= Dáire mac Fiachna =

Figure in Irish mythology

Dáire mac Fiachna is an Ulster cattle-lord who appears in the Ulster Cycle of Irish mythology as the owner of Donn Cuailnge (The Brown Bull of Cooley) over which the Táin Bó Cuailnge (Cattle Raid of Cooley) is fought. Following the medieval Irish genealogies, Dáire mac Fiachna appears to have been a paternal relative of Conchobar Mac Nessa. He appears in the Táin Bó Regamon within a ghastly chariot alongside the Morrígan. He is described as a great man wrapped in a red cloak with a forked staff of hazel at his back. The Morrígan first introduces him as h-Uar-gaeth-sceo-luachair-sceo, before later revealing that he is Dáire mac Fiachna, and the owner of Donn Cuailnge.

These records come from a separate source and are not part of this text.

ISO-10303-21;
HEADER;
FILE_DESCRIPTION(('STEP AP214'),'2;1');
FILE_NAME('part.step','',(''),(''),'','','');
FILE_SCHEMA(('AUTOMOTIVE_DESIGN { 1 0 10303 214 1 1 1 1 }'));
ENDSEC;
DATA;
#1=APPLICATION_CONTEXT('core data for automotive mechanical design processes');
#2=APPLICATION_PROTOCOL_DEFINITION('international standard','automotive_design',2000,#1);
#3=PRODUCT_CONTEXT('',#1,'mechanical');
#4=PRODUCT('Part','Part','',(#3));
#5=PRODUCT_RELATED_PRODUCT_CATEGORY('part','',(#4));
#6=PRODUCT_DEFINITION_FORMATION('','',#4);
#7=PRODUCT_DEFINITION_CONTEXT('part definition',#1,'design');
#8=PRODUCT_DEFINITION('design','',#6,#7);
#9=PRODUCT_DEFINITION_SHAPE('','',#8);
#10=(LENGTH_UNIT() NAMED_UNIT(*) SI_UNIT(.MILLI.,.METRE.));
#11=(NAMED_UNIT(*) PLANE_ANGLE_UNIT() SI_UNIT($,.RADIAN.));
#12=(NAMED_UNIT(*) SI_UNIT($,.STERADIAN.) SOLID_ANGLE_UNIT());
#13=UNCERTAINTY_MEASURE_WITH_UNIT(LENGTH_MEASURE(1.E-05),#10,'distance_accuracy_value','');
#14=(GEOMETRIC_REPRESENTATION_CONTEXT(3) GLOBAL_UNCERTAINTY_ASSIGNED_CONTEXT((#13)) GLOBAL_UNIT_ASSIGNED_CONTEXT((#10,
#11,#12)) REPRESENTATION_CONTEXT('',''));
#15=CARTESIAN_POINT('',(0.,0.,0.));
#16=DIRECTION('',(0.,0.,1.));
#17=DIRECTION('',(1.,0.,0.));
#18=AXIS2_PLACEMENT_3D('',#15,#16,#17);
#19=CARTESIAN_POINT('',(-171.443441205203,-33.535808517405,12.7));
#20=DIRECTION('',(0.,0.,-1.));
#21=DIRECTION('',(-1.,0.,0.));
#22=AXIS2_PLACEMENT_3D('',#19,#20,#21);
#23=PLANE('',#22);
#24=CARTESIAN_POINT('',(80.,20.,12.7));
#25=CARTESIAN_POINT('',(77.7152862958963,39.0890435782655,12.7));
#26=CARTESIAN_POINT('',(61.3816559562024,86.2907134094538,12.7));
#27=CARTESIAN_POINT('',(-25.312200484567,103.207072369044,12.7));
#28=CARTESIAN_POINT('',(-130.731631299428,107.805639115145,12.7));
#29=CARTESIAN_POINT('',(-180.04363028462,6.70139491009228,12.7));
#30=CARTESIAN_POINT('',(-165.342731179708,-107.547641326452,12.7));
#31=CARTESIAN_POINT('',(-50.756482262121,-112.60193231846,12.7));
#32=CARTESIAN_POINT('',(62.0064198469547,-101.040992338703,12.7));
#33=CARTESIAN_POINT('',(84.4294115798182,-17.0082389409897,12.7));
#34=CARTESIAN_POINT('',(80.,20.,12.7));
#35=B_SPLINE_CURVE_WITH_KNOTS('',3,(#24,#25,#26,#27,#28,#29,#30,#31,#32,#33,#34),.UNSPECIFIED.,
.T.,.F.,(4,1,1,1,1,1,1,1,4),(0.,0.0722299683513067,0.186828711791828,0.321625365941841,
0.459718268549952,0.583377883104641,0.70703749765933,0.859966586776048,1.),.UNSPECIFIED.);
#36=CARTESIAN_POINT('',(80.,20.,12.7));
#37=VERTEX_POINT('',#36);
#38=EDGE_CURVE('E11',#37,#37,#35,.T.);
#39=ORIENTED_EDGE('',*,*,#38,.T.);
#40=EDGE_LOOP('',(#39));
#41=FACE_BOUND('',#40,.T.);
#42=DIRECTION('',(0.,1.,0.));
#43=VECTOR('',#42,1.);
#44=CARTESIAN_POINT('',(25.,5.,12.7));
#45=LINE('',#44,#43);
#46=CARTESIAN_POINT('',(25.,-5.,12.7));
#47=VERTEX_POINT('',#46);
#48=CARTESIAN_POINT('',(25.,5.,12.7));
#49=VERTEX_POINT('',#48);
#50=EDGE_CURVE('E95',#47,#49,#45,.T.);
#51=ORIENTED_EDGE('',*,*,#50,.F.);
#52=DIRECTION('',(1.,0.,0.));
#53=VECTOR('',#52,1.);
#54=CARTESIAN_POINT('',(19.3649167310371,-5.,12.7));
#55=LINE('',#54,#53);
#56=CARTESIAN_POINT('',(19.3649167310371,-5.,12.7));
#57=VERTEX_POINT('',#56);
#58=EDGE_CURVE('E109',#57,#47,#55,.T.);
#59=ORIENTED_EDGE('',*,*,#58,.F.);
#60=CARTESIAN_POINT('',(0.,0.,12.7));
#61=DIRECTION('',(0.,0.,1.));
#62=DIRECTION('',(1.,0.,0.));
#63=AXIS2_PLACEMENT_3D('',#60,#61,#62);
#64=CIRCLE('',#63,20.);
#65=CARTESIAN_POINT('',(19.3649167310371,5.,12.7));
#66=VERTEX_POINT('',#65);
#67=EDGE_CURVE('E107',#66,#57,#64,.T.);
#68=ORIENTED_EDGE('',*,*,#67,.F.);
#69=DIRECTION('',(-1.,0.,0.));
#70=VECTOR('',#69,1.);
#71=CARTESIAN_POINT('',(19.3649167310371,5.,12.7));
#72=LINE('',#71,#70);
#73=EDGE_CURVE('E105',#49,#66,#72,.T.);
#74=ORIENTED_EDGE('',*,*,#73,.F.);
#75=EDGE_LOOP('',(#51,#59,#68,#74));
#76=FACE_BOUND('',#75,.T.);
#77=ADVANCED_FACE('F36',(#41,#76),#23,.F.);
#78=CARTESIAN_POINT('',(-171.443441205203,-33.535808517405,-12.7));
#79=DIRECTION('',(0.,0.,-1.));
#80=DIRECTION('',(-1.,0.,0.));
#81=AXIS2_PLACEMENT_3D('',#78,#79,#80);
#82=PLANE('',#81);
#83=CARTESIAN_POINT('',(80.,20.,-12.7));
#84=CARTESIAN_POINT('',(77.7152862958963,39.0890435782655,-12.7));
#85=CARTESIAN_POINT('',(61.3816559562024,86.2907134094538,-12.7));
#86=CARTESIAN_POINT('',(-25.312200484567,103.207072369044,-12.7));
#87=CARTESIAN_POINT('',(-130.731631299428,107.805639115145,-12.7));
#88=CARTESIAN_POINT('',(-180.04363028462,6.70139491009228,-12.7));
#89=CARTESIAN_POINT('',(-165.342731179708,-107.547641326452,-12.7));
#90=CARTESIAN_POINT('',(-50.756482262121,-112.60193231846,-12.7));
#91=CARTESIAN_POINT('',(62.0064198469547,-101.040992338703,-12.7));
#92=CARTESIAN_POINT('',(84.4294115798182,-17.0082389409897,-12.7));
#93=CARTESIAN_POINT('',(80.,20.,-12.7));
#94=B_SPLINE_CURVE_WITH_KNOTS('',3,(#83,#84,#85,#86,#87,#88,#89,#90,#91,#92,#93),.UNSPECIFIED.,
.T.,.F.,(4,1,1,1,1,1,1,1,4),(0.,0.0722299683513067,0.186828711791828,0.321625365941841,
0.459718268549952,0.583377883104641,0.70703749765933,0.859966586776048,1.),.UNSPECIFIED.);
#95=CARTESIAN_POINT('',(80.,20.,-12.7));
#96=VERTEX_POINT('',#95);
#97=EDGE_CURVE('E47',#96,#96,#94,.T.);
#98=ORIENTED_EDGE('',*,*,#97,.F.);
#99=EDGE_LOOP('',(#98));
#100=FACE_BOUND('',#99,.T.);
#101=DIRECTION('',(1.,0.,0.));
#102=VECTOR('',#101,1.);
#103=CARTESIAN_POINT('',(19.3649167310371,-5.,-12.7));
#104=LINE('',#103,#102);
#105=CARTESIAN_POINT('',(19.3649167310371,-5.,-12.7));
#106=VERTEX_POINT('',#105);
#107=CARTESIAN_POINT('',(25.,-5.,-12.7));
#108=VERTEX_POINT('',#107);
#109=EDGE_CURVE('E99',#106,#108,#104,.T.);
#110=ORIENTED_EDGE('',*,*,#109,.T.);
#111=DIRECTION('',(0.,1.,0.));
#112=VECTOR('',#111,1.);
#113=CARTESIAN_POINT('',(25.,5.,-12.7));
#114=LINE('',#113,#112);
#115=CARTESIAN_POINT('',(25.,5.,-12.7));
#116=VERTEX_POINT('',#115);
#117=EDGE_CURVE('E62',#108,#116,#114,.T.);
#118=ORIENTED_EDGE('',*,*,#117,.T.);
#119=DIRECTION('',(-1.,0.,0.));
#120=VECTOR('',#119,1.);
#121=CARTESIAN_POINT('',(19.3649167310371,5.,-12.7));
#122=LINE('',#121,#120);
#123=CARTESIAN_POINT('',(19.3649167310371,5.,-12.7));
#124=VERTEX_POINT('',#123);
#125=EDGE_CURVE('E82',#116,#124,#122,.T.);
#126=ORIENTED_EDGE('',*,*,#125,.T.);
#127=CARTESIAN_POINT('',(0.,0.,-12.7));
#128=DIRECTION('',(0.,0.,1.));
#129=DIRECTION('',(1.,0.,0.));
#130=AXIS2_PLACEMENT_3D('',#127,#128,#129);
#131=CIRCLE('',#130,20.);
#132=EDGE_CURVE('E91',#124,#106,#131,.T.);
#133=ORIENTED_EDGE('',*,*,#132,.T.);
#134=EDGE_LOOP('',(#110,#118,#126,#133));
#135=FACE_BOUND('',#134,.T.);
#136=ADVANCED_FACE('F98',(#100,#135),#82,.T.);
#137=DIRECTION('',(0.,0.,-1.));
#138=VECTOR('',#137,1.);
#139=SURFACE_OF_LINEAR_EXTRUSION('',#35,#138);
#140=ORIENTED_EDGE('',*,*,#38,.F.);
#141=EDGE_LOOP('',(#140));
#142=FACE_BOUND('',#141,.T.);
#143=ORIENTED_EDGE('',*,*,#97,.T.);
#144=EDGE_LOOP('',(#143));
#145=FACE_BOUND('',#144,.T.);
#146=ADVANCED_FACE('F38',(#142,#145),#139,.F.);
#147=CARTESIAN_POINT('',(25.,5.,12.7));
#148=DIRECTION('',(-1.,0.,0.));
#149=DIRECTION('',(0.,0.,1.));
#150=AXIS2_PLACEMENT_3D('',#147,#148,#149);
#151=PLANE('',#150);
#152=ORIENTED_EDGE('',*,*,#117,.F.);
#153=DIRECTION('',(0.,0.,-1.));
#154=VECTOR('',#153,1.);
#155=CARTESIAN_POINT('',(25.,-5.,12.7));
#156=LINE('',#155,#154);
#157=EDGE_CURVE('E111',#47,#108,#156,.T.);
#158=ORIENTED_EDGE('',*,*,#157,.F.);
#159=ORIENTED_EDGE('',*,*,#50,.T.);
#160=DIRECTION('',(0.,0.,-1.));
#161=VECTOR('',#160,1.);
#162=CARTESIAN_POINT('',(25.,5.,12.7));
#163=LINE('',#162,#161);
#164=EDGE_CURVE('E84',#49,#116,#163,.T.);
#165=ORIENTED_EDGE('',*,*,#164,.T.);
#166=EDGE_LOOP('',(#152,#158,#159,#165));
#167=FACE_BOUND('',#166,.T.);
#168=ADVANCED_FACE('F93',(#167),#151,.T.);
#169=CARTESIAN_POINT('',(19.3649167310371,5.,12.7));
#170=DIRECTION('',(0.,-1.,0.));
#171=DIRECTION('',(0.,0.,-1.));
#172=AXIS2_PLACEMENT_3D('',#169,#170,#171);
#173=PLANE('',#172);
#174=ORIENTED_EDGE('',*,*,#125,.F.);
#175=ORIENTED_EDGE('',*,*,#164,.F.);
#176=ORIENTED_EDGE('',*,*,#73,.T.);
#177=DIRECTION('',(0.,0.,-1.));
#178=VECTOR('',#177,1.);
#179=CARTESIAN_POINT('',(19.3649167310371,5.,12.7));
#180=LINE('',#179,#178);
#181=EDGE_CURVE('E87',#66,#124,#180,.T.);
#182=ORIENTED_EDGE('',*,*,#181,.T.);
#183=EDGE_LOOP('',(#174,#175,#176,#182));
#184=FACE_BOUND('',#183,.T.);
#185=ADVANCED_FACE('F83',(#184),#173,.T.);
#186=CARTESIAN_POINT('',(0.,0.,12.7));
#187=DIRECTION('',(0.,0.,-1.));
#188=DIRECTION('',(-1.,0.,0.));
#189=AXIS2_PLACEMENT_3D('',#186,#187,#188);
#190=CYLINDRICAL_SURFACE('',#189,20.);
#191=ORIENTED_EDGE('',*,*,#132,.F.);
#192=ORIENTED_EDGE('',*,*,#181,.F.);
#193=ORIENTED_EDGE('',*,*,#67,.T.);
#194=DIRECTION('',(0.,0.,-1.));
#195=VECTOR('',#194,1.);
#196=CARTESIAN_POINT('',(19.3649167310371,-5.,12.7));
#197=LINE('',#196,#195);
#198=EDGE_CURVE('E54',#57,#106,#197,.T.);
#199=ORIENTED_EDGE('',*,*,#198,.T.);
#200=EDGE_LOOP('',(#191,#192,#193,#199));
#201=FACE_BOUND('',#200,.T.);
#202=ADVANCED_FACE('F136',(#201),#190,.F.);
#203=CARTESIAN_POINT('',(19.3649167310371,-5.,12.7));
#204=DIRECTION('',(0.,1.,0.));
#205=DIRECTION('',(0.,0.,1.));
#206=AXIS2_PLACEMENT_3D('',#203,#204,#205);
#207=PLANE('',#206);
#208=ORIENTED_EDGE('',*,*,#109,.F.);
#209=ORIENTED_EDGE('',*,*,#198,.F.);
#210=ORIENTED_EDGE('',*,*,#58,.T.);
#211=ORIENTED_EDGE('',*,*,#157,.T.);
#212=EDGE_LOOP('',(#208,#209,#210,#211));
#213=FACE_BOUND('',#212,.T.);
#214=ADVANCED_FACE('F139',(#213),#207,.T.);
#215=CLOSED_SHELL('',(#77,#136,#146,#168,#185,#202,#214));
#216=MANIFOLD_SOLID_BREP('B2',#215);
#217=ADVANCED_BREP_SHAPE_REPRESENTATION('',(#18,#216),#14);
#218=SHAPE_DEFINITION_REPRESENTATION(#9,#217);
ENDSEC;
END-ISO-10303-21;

When Queen Medb of Connacht discovers that her husband, Ailill, is considerably wealthier than her due to his possession of one extremely fertile bull, she resolves to even the account by taking possession of Dáire mac Fiachna's great bull, Donn Cuailnge. Queen Medb sends messengers to Dáire mac Fiachna with a generous offer of land, treasure, and if necessary, sexual favours, should Dáire mac Fiachna agree to loan her the bull for one year. Initially, Dáire mac Fiachna agrees. But when one of the Queen's messengers becomes inebriated, he boasts that had Dáire mac Fiachna not agreed, Queen Medb would have taken the bull by force. When Dáire mac Fiachna hears this slight, he backs out of the deal, and Queen Medb launches her army to take Donn Cuailnge, by force.